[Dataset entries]

#####

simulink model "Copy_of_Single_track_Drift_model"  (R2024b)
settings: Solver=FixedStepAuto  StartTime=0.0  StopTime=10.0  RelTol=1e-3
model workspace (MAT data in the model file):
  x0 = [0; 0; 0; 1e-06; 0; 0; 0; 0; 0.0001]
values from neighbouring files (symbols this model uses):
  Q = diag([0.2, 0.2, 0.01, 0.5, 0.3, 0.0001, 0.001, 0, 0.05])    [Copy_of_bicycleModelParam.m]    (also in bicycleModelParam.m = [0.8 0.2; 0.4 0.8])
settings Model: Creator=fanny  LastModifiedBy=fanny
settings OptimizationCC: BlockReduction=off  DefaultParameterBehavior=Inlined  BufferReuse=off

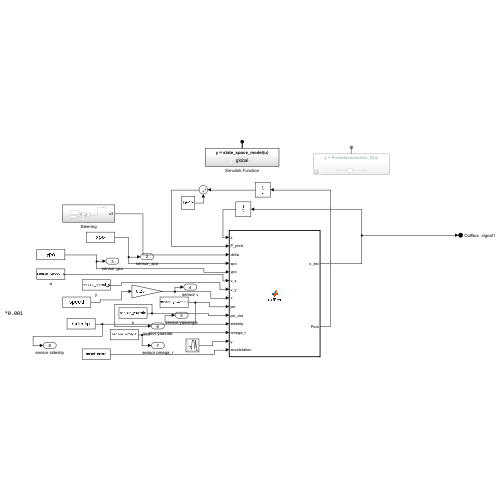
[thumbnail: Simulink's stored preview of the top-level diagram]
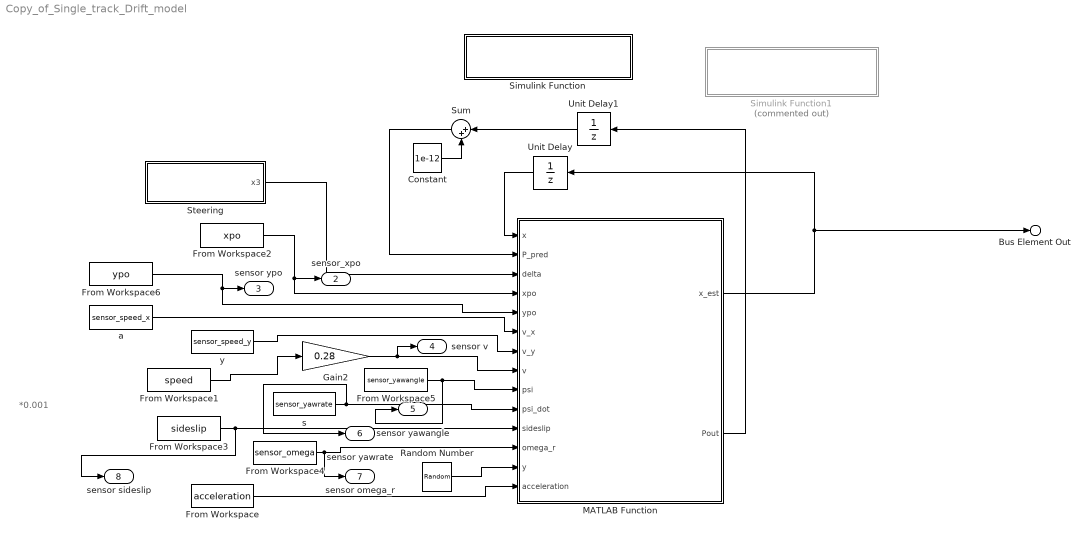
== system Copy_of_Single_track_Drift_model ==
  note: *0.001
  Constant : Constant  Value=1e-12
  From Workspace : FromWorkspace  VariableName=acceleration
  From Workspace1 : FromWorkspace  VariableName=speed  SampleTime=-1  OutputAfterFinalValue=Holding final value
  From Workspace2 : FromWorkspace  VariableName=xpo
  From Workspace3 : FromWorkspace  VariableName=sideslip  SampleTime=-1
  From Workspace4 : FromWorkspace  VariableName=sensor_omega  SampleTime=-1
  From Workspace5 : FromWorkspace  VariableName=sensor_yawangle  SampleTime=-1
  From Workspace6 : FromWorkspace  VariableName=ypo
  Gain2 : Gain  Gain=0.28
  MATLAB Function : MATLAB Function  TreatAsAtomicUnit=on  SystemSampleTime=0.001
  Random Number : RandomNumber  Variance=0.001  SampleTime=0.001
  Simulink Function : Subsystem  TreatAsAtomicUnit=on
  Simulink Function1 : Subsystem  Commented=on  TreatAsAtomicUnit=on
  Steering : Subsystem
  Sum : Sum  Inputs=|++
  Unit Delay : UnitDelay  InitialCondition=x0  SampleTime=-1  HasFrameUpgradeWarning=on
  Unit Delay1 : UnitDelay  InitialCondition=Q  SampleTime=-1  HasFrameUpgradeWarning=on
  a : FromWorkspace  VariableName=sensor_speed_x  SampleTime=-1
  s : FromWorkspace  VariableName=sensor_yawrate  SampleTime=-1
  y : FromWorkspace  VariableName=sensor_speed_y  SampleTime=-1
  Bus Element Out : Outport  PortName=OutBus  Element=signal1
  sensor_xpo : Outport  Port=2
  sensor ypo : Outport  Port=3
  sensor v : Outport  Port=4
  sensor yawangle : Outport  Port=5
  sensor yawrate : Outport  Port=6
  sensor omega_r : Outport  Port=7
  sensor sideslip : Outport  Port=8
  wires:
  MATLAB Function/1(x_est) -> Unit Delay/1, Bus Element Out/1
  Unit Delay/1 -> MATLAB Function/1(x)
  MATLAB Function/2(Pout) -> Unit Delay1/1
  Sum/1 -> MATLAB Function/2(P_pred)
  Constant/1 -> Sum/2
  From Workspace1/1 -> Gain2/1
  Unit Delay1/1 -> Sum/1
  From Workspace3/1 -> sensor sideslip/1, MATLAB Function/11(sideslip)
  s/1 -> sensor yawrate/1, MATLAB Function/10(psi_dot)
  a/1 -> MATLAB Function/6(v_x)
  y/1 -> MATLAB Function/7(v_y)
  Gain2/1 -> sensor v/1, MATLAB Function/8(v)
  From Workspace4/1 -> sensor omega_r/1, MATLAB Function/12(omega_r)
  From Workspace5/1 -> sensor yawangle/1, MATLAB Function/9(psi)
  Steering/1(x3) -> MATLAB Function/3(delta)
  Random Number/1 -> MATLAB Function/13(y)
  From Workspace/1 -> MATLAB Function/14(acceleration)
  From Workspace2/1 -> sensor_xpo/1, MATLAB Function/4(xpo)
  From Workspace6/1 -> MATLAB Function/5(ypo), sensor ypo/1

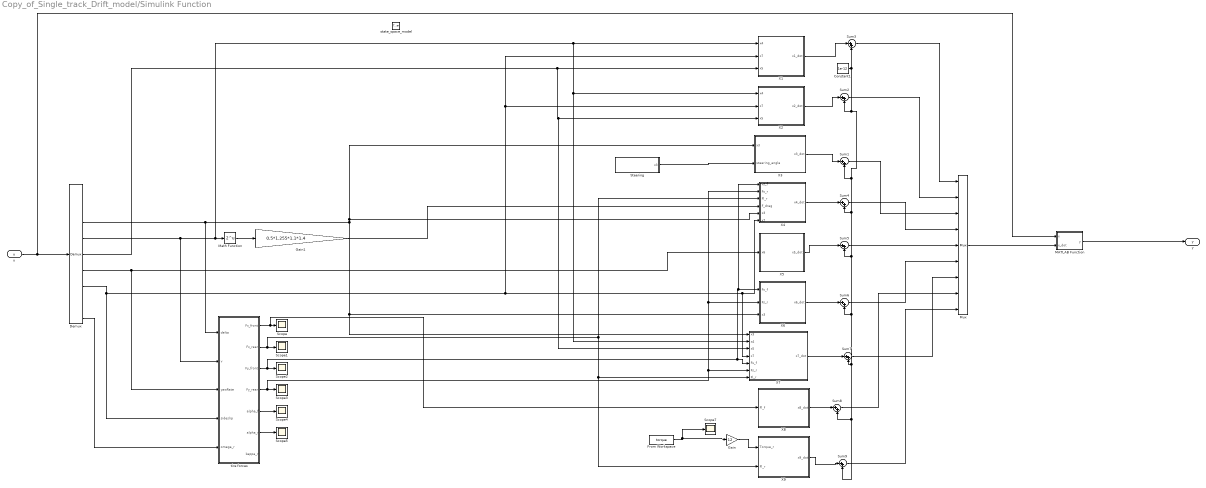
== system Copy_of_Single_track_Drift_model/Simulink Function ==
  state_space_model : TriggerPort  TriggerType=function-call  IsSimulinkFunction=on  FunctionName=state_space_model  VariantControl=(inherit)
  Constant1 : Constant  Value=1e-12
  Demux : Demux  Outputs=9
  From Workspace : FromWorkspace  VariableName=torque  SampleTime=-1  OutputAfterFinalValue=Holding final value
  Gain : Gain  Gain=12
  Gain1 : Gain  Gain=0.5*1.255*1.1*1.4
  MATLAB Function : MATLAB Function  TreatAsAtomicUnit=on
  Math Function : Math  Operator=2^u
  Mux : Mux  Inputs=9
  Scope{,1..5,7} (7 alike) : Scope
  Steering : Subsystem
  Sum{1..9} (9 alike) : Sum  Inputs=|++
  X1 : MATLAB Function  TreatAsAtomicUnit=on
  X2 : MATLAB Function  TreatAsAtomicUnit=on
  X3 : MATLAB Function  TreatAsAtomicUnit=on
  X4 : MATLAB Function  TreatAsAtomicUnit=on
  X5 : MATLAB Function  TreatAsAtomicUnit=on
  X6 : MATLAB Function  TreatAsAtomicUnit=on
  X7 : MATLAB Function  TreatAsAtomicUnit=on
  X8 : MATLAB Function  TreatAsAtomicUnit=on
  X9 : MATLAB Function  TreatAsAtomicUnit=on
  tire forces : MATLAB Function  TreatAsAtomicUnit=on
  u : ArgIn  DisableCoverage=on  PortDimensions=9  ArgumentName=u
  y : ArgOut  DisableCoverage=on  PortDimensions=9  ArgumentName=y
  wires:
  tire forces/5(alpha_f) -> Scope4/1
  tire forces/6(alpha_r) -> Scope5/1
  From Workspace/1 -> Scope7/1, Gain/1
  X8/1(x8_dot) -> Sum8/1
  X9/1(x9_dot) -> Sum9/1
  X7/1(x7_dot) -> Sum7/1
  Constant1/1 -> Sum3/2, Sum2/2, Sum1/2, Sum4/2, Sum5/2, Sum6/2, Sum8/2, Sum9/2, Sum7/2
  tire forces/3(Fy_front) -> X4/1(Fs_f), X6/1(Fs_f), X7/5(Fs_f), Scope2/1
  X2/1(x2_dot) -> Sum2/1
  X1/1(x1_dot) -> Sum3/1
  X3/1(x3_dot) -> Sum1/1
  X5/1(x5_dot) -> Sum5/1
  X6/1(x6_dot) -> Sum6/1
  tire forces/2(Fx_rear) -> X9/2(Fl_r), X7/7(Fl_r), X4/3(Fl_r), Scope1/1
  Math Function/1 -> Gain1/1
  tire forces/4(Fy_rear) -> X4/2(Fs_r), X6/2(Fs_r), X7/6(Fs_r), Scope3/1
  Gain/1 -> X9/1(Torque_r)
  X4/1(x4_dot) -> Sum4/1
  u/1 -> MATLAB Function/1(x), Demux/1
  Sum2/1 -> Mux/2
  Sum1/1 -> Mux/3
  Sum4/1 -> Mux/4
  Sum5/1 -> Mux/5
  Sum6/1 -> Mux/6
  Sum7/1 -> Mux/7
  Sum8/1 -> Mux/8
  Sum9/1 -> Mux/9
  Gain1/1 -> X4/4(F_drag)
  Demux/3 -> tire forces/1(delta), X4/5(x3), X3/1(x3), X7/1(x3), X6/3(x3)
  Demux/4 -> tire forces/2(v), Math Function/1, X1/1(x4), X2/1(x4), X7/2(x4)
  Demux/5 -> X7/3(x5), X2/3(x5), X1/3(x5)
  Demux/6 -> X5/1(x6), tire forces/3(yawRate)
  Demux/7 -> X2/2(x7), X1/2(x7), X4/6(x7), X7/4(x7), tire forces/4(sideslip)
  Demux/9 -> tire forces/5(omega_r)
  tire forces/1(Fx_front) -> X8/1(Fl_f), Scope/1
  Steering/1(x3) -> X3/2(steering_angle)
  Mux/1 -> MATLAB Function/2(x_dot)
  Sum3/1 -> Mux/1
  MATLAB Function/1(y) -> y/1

#####

Activity » From the records above, transcribe only the stretch from the line with "s/1 -> sensor" through the line with "X9 : MATLAB", keeping both ends. Omit pictures.

Expected answer »
  s/1 -> sensor yawrate/1, MATLAB Function/10(psi_dot)
  a/1 -> MATLAB Function/6(v_x)
  y/1 -> MATLAB Function/7(v_y)
  Gain2/1 -> sensor v/1, MATLAB Function/8(v)
  From Workspace4/1 -> sensor omega_r/1, MATLAB Function/12(omega_r)
  From Workspace5/1 -> sensor yawangle/1, MATLAB Function/9(psi)
  Steering/1(x3) -> MATLAB Function/3(delta)
  Random Number/1 -> MATLAB Function/13(y)
  From Workspace/1 -> MATLAB Function/14(acceleration)
  From Workspace2/1 -> sensor_xpo/1, MATLAB Function/4(xpo)
  From Workspace6/1 -> MATLAB Function/5(ypo), sensor ypo/1

== system Copy_of_Single_track_Drift_model/Simulink Function ==
  state_space_model : TriggerPort  TriggerType=function-call  IsSimulinkFunction=on  FunctionName=state_space_model  VariantControl=(inherit)
  Constant1 : Constant  Value=1e-12
  Demux : Demux  Outputs=9
  From Workspace : FromWorkspace  VariableName=torque  SampleTime=-1  OutputAfterFinalValue=Holding final value
  Gain : Gain  Gain=12
  Gain1 : Gain  Gain=0.5*1.255*1.1*1.4
  MATLAB Function : MATLAB Function  TreatAsAtomicUnit=on
  Math Function : Math  Operator=2^u
  Mux : Mux  Inputs=9
  Scope{,1..5,7} (7 alike) : Scope
  Steering : Subsystem
  Sum{1..9} (9 alike) : Sum  Inputs=|++
  X1 : MATLAB Function  TreatAsAtomicUnit=on
  X2 : MATLAB Function  TreatAsAtomicUnit=on
  X3 : MATLAB Function  TreatAsAtomicUnit=on
  X4 : MATLAB Function  TreatAsAtomicUnit=on
  X5 : MATLAB Function  TreatAsAtomicUnit=on
  X6 : MATLAB Function  TreatAsAtomicUnit=on
  X7 : MATLAB Function  TreatAsAtomicUnit=on
  X8 : MATLAB Function  TreatAsAtomicUnit=on
  X9 : MATLAB Function  TreatAsAtomicUnit=on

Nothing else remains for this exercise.